12. In all dealings hereunder, the Representatives of the Underwriters shall act on behalf of each of the Underwriters, and the parties hereto shall be entitled to act and rely upon any statement, request, notice or agreement made or given by the Representatives on behalf of the Underwriters.
All statements, requests, notices and agreements hereunder shall be in writing, and if to the Underwriters shall be delivered or sent by mail, telex or facsimile transmission to you in care of [ ] at [ ], Attention: [ ] (fax no.:[ ]); and if to the Company shall be delivered or sent by mail, telex or facsimile transmission to the address of the Company set forth in the Registration Statement, Attention: Secretary; provided, however that any notice to an Underwriter pursuant to Section 8(c) hereof shall be delivered or sent by mail, telex or facsimile transmission to such Underwriter at the address supplied to the Company by you upon request. Any such statements, requests, notices or agreements shall take effect at the time of receipt thereof.
13. This Agreement shall be binding upon, and inure solely to the benefit of, the Underwriters, the Company and, to the extent provided in Sections 8 and 10 hereof, the employees, officers and directors of the Company and the Underwriters and each person who controls the Company or any Underwriter, and their respective heirs, executors, administrators, successors and assigns, and no other person shall acquire or have any right under or by virtue of this Agreement.
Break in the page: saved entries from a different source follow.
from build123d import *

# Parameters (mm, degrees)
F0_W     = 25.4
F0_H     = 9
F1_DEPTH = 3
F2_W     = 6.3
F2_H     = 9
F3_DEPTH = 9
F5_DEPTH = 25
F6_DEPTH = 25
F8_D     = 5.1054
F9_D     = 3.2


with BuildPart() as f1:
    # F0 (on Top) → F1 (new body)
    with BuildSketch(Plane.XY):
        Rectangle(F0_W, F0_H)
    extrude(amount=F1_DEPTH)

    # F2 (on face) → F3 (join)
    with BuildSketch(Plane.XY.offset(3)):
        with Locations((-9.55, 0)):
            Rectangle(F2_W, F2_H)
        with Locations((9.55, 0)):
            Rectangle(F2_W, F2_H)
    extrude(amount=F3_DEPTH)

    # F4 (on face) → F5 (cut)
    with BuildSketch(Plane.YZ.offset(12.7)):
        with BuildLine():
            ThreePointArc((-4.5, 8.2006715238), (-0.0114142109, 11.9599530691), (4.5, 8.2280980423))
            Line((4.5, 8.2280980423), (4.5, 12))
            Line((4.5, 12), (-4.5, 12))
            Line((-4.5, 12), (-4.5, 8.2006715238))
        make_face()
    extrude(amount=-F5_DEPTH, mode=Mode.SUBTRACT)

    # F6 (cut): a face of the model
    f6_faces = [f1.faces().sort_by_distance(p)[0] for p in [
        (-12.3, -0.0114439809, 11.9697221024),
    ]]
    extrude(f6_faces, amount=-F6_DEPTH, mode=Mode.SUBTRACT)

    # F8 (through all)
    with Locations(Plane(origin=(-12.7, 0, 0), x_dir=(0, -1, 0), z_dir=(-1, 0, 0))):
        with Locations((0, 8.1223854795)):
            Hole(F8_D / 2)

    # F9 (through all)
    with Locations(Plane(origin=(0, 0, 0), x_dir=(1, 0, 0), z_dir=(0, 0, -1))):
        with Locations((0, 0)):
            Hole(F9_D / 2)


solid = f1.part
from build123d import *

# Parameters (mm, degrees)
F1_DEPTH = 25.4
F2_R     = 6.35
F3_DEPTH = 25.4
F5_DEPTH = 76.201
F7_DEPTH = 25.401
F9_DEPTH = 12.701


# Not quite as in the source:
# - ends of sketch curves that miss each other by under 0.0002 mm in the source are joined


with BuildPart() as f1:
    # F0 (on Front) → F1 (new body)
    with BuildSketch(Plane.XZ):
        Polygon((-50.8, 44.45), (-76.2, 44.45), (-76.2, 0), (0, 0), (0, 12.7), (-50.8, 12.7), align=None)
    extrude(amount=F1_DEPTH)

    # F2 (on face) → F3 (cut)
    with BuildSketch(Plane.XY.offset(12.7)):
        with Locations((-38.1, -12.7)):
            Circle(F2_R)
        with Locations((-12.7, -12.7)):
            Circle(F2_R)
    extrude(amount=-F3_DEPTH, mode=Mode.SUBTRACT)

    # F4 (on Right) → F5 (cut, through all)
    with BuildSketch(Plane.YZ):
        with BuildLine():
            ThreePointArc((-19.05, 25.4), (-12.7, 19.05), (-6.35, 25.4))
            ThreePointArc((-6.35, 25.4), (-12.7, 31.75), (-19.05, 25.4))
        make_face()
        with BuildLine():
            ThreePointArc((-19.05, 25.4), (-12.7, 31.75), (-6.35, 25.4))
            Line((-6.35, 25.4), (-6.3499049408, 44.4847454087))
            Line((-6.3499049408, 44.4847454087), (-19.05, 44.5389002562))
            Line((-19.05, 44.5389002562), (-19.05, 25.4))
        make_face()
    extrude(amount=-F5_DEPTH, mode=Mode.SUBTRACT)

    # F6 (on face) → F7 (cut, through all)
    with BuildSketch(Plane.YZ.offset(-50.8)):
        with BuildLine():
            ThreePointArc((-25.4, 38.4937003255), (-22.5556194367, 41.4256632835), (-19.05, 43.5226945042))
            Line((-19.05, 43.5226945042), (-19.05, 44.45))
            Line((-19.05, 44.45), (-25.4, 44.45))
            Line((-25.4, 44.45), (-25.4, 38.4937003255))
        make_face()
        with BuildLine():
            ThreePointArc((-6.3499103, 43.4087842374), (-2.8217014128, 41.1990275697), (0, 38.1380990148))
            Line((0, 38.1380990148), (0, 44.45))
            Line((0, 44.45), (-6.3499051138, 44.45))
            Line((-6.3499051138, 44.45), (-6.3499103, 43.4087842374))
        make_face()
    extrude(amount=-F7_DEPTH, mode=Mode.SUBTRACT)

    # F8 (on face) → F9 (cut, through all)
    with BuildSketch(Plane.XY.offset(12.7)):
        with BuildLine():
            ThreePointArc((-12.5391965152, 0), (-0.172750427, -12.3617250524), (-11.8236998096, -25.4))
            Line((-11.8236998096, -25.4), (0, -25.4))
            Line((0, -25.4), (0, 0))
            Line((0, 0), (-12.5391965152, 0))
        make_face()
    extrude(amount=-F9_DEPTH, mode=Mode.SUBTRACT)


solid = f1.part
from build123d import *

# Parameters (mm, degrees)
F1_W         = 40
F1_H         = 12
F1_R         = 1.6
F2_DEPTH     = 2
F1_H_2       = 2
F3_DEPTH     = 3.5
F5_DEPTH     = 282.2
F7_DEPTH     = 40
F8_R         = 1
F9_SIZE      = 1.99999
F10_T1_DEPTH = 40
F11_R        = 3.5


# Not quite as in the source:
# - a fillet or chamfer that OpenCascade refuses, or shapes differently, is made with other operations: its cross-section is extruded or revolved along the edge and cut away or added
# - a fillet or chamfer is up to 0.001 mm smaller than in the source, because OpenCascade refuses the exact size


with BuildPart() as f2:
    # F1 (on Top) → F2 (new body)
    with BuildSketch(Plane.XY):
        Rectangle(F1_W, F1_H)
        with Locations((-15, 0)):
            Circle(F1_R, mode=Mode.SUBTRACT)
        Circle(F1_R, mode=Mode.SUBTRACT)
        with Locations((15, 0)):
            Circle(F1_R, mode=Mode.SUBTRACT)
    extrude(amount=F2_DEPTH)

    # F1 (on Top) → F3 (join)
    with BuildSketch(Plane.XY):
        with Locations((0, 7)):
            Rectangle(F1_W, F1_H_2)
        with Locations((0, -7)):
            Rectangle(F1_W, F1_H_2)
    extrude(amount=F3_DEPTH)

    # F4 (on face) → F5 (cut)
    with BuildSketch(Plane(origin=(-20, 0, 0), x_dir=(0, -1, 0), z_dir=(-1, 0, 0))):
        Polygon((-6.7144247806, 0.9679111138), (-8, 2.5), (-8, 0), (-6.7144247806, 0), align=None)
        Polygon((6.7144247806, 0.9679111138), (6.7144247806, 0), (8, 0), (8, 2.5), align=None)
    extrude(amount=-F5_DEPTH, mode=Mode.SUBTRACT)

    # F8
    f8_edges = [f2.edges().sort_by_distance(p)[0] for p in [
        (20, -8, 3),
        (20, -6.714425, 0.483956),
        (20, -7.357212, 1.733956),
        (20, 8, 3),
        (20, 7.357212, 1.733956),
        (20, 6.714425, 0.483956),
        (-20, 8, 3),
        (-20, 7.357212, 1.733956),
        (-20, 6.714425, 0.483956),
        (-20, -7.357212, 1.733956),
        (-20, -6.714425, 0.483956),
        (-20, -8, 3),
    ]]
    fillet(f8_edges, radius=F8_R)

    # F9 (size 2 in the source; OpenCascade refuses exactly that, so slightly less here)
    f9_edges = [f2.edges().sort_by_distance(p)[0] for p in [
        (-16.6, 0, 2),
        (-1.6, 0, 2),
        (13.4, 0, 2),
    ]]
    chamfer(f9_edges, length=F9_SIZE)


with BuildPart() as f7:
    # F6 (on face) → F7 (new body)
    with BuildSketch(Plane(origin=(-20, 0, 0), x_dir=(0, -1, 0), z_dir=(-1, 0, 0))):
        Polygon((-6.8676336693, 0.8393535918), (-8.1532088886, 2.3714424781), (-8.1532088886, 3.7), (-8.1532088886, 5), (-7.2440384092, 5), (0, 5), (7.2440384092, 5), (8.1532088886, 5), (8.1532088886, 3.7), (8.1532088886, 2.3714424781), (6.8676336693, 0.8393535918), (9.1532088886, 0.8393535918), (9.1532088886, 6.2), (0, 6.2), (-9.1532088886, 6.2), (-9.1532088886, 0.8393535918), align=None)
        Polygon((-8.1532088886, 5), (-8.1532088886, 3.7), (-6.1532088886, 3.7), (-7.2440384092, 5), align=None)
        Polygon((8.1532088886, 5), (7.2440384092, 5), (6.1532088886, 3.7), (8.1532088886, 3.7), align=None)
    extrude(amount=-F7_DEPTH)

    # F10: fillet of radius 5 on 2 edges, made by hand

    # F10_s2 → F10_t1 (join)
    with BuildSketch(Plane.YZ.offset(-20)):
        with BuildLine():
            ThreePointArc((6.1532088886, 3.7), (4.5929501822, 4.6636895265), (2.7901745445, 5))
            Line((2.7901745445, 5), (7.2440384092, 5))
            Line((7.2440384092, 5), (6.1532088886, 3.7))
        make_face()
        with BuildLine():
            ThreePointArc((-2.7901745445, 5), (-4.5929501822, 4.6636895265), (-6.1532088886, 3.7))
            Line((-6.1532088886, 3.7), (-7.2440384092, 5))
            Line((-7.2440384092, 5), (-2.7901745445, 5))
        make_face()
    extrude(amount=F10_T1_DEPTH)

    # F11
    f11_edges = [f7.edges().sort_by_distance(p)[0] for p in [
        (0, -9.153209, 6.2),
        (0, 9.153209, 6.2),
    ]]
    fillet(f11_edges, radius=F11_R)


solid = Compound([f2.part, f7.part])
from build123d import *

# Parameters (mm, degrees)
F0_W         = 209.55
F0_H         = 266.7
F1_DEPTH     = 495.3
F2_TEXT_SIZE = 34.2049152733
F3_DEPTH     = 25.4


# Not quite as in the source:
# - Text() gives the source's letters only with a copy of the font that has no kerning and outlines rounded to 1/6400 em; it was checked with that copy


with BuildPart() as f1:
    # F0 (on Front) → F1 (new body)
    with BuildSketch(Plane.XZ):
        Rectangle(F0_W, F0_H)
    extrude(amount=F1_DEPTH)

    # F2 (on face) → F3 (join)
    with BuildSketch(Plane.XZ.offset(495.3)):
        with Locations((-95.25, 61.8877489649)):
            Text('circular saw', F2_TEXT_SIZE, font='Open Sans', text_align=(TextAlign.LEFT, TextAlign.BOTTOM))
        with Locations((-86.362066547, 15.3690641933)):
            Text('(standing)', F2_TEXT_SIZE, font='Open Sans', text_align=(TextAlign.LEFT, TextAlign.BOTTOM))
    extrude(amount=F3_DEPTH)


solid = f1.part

No purchaser of any of the Debt Securities from any Underwriter shall be deemed a successor or assign by reason merely of such purchase.
14. Time shall be of the essence of this Agreement. As used herein, the term “business day” shall mean any day when the Commission’s office in Washington, D.C. is open for business.
15. This Agreement shall be governed by and construed in accordance with the laws of the State of New York.
16. This Agreement may be executed by any one or more of the parties hereto in any number of counterparts, each of which shall be deemed to be an original, but all such counterparts shall together constitute one and the same instrument.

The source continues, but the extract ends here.